WORK TO COMPLETE - Search the entries below for "Circle". Report each line where it occurs.
--*--
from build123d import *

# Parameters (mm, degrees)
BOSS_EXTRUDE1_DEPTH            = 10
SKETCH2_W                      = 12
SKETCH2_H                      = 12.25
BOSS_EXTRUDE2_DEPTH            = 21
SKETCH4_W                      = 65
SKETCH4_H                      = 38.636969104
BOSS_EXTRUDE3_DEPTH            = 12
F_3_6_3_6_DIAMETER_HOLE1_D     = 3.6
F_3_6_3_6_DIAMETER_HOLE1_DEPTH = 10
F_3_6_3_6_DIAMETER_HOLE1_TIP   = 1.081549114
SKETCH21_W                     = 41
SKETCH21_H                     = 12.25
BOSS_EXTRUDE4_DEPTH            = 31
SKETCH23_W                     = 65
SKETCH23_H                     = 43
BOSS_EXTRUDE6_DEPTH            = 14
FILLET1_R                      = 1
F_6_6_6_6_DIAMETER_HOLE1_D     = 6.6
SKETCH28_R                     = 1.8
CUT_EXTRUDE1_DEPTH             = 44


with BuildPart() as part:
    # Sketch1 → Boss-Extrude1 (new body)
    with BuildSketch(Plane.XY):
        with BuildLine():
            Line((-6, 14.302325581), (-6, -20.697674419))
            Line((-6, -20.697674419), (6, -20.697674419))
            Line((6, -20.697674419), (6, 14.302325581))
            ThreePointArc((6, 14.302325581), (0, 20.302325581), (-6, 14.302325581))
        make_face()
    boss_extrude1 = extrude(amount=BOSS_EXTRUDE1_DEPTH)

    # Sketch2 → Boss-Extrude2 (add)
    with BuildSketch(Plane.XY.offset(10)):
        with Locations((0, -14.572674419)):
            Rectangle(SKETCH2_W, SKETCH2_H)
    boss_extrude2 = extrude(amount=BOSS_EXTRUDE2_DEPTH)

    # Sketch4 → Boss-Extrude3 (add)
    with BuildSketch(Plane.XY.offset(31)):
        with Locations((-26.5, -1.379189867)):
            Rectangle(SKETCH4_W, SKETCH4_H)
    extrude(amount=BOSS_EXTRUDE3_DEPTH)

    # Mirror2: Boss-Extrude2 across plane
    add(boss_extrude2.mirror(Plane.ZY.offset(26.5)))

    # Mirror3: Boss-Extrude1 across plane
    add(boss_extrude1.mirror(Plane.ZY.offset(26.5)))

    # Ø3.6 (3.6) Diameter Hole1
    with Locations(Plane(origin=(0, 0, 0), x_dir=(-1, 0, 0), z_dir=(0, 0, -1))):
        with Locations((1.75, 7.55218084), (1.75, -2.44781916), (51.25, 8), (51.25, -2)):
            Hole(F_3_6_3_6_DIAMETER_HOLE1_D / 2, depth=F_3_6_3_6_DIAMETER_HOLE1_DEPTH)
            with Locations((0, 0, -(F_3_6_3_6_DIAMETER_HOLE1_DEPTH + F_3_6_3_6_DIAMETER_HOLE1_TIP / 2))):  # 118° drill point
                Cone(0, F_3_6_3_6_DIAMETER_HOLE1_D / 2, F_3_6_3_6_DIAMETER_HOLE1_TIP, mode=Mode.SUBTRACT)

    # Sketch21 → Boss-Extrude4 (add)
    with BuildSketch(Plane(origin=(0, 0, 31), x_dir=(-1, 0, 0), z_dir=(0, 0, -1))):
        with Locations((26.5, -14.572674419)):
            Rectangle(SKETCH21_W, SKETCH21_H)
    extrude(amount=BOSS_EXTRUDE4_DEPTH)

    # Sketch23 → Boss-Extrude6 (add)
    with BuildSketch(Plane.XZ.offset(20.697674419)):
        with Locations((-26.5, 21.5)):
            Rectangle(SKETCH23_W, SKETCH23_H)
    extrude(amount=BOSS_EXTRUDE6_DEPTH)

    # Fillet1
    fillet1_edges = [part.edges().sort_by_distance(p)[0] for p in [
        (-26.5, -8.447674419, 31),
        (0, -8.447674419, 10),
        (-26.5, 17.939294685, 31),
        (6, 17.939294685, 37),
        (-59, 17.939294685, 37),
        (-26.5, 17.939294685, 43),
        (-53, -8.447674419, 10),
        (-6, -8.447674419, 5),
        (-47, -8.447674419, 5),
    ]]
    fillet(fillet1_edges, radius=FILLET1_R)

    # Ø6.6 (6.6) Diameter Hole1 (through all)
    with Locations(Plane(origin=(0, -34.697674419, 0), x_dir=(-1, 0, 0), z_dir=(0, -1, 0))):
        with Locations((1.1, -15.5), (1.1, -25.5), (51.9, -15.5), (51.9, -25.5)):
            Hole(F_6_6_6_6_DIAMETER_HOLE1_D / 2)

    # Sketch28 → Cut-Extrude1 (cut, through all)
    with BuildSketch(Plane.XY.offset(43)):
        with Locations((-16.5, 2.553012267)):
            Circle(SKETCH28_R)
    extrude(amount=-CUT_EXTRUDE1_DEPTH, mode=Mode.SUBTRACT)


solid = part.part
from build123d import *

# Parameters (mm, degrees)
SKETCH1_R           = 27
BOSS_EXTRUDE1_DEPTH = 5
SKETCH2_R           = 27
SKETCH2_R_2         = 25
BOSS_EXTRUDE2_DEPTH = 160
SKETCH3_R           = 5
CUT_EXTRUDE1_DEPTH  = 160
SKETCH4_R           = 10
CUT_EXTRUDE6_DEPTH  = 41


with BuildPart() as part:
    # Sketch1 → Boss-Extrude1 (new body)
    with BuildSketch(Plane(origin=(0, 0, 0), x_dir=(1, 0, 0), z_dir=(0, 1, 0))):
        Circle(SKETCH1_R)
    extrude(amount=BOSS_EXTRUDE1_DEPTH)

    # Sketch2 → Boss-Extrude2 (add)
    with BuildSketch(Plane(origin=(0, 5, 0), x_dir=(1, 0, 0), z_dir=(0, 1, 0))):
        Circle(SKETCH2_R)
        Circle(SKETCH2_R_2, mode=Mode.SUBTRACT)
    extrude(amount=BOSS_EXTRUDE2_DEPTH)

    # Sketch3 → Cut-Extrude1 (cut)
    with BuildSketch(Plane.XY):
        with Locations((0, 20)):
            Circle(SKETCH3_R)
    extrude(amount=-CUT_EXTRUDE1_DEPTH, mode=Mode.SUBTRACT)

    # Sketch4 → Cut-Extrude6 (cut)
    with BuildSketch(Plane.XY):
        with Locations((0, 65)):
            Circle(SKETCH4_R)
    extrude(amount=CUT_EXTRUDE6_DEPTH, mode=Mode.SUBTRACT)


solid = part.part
--*--
SOLVED PROBLEM -
            Circle(SKETCH28_R)
        Circle(SKETCH1_R)
        Circle(SKETCH2_R)
        Circle(SKETCH2_R_2, mode=Mode.SUBTRACT)
            Circle(SKETCH3_R)
            Circle(SKETCH4_R)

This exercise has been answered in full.